On the other hand, the test water is sent to the water intake tank 4 by the water intake pipe 6 and the water intake pump 5 via the filtration device 4a. The test water in the water intake tank 4 is supplied to the flow cell 33 through the pipe 12, the pinch valve 20, the pipe tube 25, the tube pump 29 and the pipe 31, and is mixed with the iron liquid.

In this case, the cleaning liquid is supplied from the cleaning liquid tank 1 to the other flow cell 34 via the pipe 9, the pinch valve 17, the pipe tube 24, the tube pump 28 and the pipe 32. At the same time, from the intake tank 4,
4. The test water is supplied to the flow cell 34 via the pinch valve 22, the tube pump 30, and the pipe 32, and mixed with the cleaning liquid in the flow cell 34.

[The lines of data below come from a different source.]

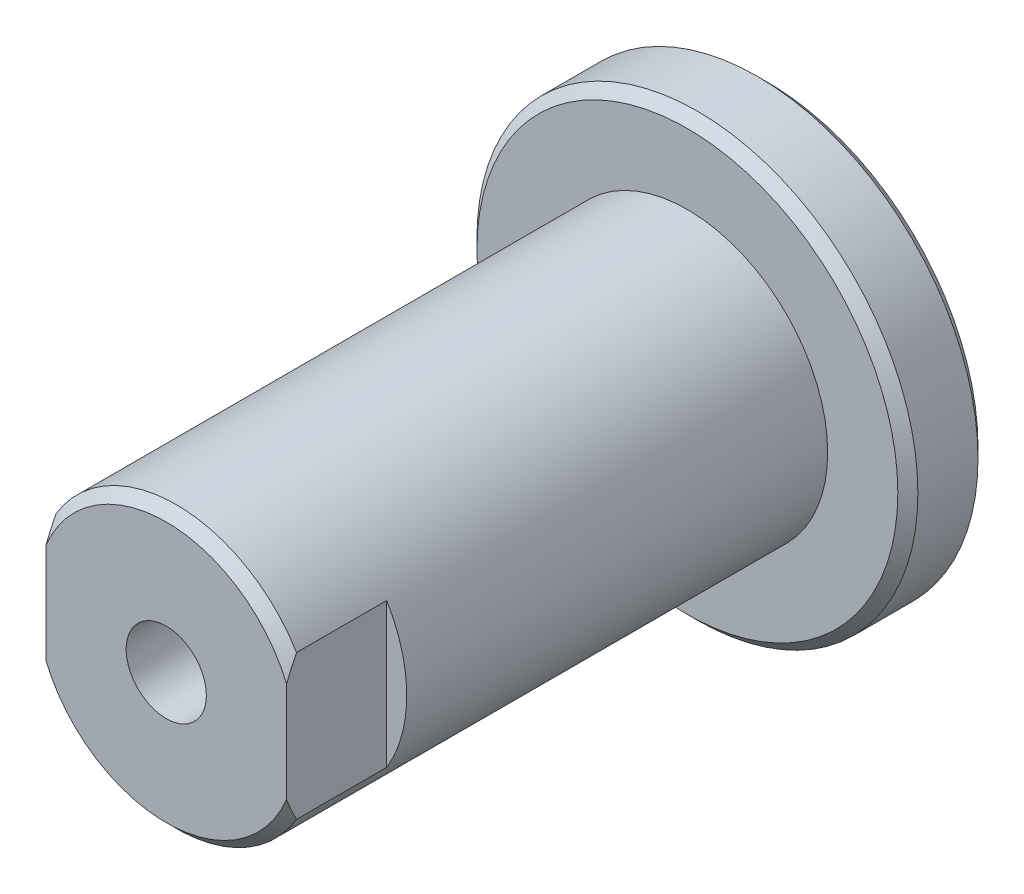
ISO-10303-21;
HEADER;
FILE_DESCRIPTION(('STEP AP214'),'2;1');
FILE_NAME('part.step','',(''),(''),'','','');
FILE_SCHEMA(('AUTOMOTIVE_DESIGN { 1 0 10303 214 1 1 1 1 }'));
ENDSEC;
DATA;
#1=APPLICATION_CONTEXT('core data for automotive mechanical design processes');
#2=APPLICATION_PROTOCOL_DEFINITION('international standard','automotive_design',2000,#1);
#3=PRODUCT_CONTEXT('',#1,'mechanical');
#4=PRODUCT('Part','Part','',(#3));
#5=PRODUCT_RELATED_PRODUCT_CATEGORY('part','',(#4));
#6=PRODUCT_DEFINITION_FORMATION('','',#4);
#7=PRODUCT_DEFINITION_CONTEXT('part definition',#1,'design');
#8=PRODUCT_DEFINITION('design','',#6,#7);
#9=PRODUCT_DEFINITION_SHAPE('','',#8);
#10=(LENGTH_UNIT() NAMED_UNIT(*) SI_UNIT(.MILLI.,.METRE.));
#11=(NAMED_UNIT(*) PLANE_ANGLE_UNIT() SI_UNIT($,.RADIAN.));
#12=(NAMED_UNIT(*) SI_UNIT($,.STERADIAN.) SOLID_ANGLE_UNIT());
#13=UNCERTAINTY_MEASURE_WITH_UNIT(LENGTH_MEASURE(1.E-05),#10,'distance_accuracy_value','');
#14=(GEOMETRIC_REPRESENTATION_CONTEXT(3) GLOBAL_UNCERTAINTY_ASSIGNED_CONTEXT((#13)) GLOBAL_UNIT_ASSIGNED_CONTEXT((#10,
#11,#12)) REPRESENTATION_CONTEXT('',''));
#15=CARTESIAN_POINT('',(0.,0.,0.));
#16=DIRECTION('',(0.,0.,1.));
#17=DIRECTION('',(1.,0.,0.));
#18=AXIS2_PLACEMENT_3D('',#15,#16,#17);
#19=CARTESIAN_POINT('',(0.,0.,30.));
#20=DIRECTION('',(0.,0.,-1.));
#21=DIRECTION('',(-1.,0.,0.));
#22=AXIS2_PLACEMENT_3D('',#19,#20,#21);
#23=CONICAL_SURFACE('',#22,6.5,0.785398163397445);
#24=CARTESIAN_POINT('',(-6.,-14.189120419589,21.0944445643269));
#25=CARTESIAN_POINT('',(-6.,-13.9783762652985,21.2885446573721));
#26=CARTESIAN_POINT('',(-6.,-13.7673091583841,21.4822940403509));
#27=CARTESIAN_POINT('',(-6.,-13.3444339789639,21.8689856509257));
#28=CARTESIAN_POINT('',(-6.,-13.1326259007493,22.0619278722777));
#29=CARTESIAN_POINT('',(-6.,-12.4958585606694,22.6394659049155));
#30=CARTESIAN_POINT('',(-6.,-12.0696493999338,23.0226870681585));
#31=CARTESIAN_POINT('',(-6.,-11.2102831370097,23.7865653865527));
#32=CARTESIAN_POINT('',(-6.,-10.7770995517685,24.1671928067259));
#33=CARTESIAN_POINT('',(-6.,-9.90489563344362,24.9216189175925));
#34=CARTESIAN_POINT('',(-6.,-9.46587600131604,25.2954184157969));
#35=CARTESIAN_POINT('',(-6.,-8.66228186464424,25.9645716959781));
#36=CARTESIAN_POINT('',(-6.,-8.29907851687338,26.2615642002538));
#37=CARTESIAN_POINT('',(-6.,-7.74886070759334,26.700373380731));
#38=CARTESIAN_POINT('',(-6.,-7.56452615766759,26.845549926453));
#39=CARTESIAN_POINT('',(-6.,-7.19377345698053,27.133214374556));
#40=CARTESIAN_POINT('',(-6.,-7.00735535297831,27.2757023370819));
#41=CARTESIAN_POINT('',(-6.,-6.63228473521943,27.5573006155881));
#42=CARTESIAN_POINT('',(-6.,-6.44363475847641,27.6964143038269));
#43=CARTESIAN_POINT('',(-6.,-6.0635049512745,27.9707110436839));
#44=CARTESIAN_POINT('',(-6.,-5.87202526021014,28.1058942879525));
#45=CARTESIAN_POINT('',(-6.,-5.48581052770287,28.3713809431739));
#46=CARTESIAN_POINT('',(-6.,-5.29107678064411,28.5016862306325));
#47=CARTESIAN_POINT('',(-6.,-4.89772697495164,28.756276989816));
#48=CARTESIAN_POINT('',(-6.,-4.69911136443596,28.8805631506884));
#49=CARTESIAN_POINT('',(-6.,-4.29915222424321,29.1204786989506));
#50=CARTESIAN_POINT('',(-6.,-4.09785008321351,29.2361766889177));
#51=CARTESIAN_POINT('',(-6.,-3.69005957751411,29.4581762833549));
#52=CARTESIAN_POINT('',(-6.,-3.48357065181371,29.5644768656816));
#53=CARTESIAN_POINT('',(-6.,-3.06498745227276,29.7649849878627));
#54=CARTESIAN_POINT('',(-6.,-2.8528986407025,29.859203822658));
#55=CARTESIAN_POINT('',(-6.,-2.42254844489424,30.0323888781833));
#56=CARTESIAN_POINT('',(-6.,-2.20428887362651,30.1113595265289));
#57=CARTESIAN_POINT('',(-6.,-1.80920727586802,30.2353361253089));
#58=CARTESIAN_POINT('',(-6.,-1.63353777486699,30.2839940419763));
#59=CARTESIAN_POINT('',(-6.,-1.27894637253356,30.3676229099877));
#60=CARTESIAN_POINT('',(-6.,-1.10002490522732,30.4025956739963));
#61=CARTESIAN_POINT('',(-6.,-0.740353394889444,30.4570998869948));
#62=CARTESIAN_POINT('',(-6.,-0.559610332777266,30.4766767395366));
#63=CARTESIAN_POINT('',(-6.,-0.197085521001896,30.4994890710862));
#64=CARTESIAN_POINT('',(-6.,-0.0153038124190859,30.5027251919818));
#65=CARTESIAN_POINT('',(-6.,0.348026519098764,30.4926630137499));
#66=CARTESIAN_POINT('',(-6.,0.529574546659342,30.4793435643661));
#67=CARTESIAN_POINT('',(-6.,0.890796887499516,30.4368881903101));
#68=CARTESIAN_POINT('',(-6.,1.07047104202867,30.4077509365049));
#69=CARTESIAN_POINT('',(-6.,1.42740071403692,30.3350322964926));
#70=CARTESIAN_POINT('',(-6.,1.60464720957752,30.2914072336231));
#71=CARTESIAN_POINT('',(-6.,1.9555280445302,30.1916103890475));
#72=CARTESIAN_POINT('',(-6.,2.12916232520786,30.1354384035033));
#73=CARTESIAN_POINT('',(-6.,2.50243151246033,30.0017905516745));
#74=CARTESIAN_POINT('',(-6.,2.70134325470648,29.9223089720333));
#75=CARTESIAN_POINT('',(-6.,3.09406710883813,29.7515219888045));
#76=CARTESIAN_POINT('',(-6.,3.28787684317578,29.6602111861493));
#77=CARTESIAN_POINT('',(-6.,3.67106823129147,29.467985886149));
#78=CARTESIAN_POINT('',(-6.,3.86044140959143,29.3670546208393));
#79=CARTESIAN_POINT('',(-6.,4.23490054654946,29.157636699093));
#80=CARTESIAN_POINT('',(-6.,4.41998710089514,29.0491511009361));
#81=CARTESIAN_POINT('',(-6.,4.78863644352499,28.8247540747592));
#82=CARTESIAN_POINT('',(-6.,4.97215428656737,28.7087691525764));
#83=CARTESIAN_POINT('',(-6.,5.33589527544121,28.4717527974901));
#84=CARTESIAN_POINT('',(-6.,5.51611833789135,28.3507212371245));
#85=CARTESIAN_POINT('',(-6.,5.87353199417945,28.1046683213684));
#86=CARTESIAN_POINT('',(-6.,6.05072558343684,27.9796513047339));
#87=CARTESIAN_POINT('',(-6.,6.4026678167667,27.7262165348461));
#88=CARTESIAN_POINT('',(-6.,6.57741636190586,27.5977986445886));
#89=CARTESIAN_POINT('',(-6.,7.0861535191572,27.2175520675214));
#90=CARTESIAN_POINT('',(-6.,7.41727857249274,26.9618924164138));
#91=CARTESIAN_POINT('',(-6.,8.0735777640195,26.4430411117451));
#92=CARTESIAN_POINT('',(-6.,8.39875139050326,26.1798488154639));
#93=CARTESIAN_POINT('',(-6.,9.04470289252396,25.6476667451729));
#94=CARTESIAN_POINT('',(-6.,9.3654774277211,25.3786729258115));
#95=CARTESIAN_POINT('',(-6.,10.0033851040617,24.836401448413));
#96=CARTESIAN_POINT('',(-6.,10.3205181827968,24.5631237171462));
#97=CARTESIAN_POINT('',(-6.,10.9366376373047,24.0264970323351));
#98=CARTESIAN_POINT('',(-6.,11.2357612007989,23.7633053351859));
#99=CARTESIAN_POINT('',(-6.,11.8318528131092,23.2344867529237));
#100=CARTESIAN_POINT('',(-6.,12.1288208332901,22.9688598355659));
#101=CARTESIAN_POINT('',(-6.,12.7205312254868,22.4360265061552));
#102=CARTESIAN_POINT('',(-6.,13.0152762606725,22.1688230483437));
#103=CARTESIAN_POINT('',(-6.,13.6032575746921,21.6327807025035));
#104=CARTESIAN_POINT('',(-6.,13.8964939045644,21.3639418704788));
#105=CARTESIAN_POINT('',(-6.,14.189120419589,21.0944445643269));
#106=B_SPLINE_CURVE_WITH_KNOTS('',3,(#24,#25,#26,#27,#28,#29,#30,#31,#32,#33,#34,#35,#36,#37,
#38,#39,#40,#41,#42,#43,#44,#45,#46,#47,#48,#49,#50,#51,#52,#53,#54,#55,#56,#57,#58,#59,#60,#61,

The effluent of each flow cell 33, 34 is discharged through effluent lines 45, 46. At this time, the effluent in the effluent lines 45 and 46 is
The water is diluted by the water in the branch pipes 47 and 48 branched from and returned to near neutral water, and finally discharged.

As described above, the two flow cells 33 and 34 are arranged in parallel, and the measurement and washing operations are alternately repeated for them. As a result, the flow cells 33 and 34 periodically change.
In addition, since the measurement can be performed while cleaning the piping lines, the oxygen electrodes 35 and 36 of the flow cells 33 and 34 and the piping lines do not become clogged with iron oxides, and are continuously stable for a long time. Thus, the flow cells 33 and 34 can be operated.

During this time, the entire flow cells 33 and 34 are maintained at a temperature of 30 ± 0.5 ° C., which is the optimum temperature for iron bacteria, by constant temperature water circulated from the circulation tank 37.

Although an example in which a pair of flow cells 33 and 34 are operated in parallel has been described, the piping system becomes somewhat complicated by increasing the number of flow cells to be used, but as shown in FIG. Since the cycle of the measurement operation of each flow cell 33, 34 can be shortened, more reliable measurement can be performed. The principle of detecting harmful substances in the abnormal water quality monitoring device of the biosensor type having such a configuration is disclosed in
-198768.

That is, the flow cell 33 in the measurement state
When a healthy test water flows, the iron bacterium applied to the membrane filter 35a consumes Fe ²⁺ ions and dissolved oxygen in the water to perform a respiratory action. Therefore, the oxygen concentration that reaches the oxygen electrode 35 after passing through the membrane filter 35a is low, and the current value measured by the ion meter 42 becomes almost zero. At this time,
A voltage of 0.7 V is applied by the ion meter 42.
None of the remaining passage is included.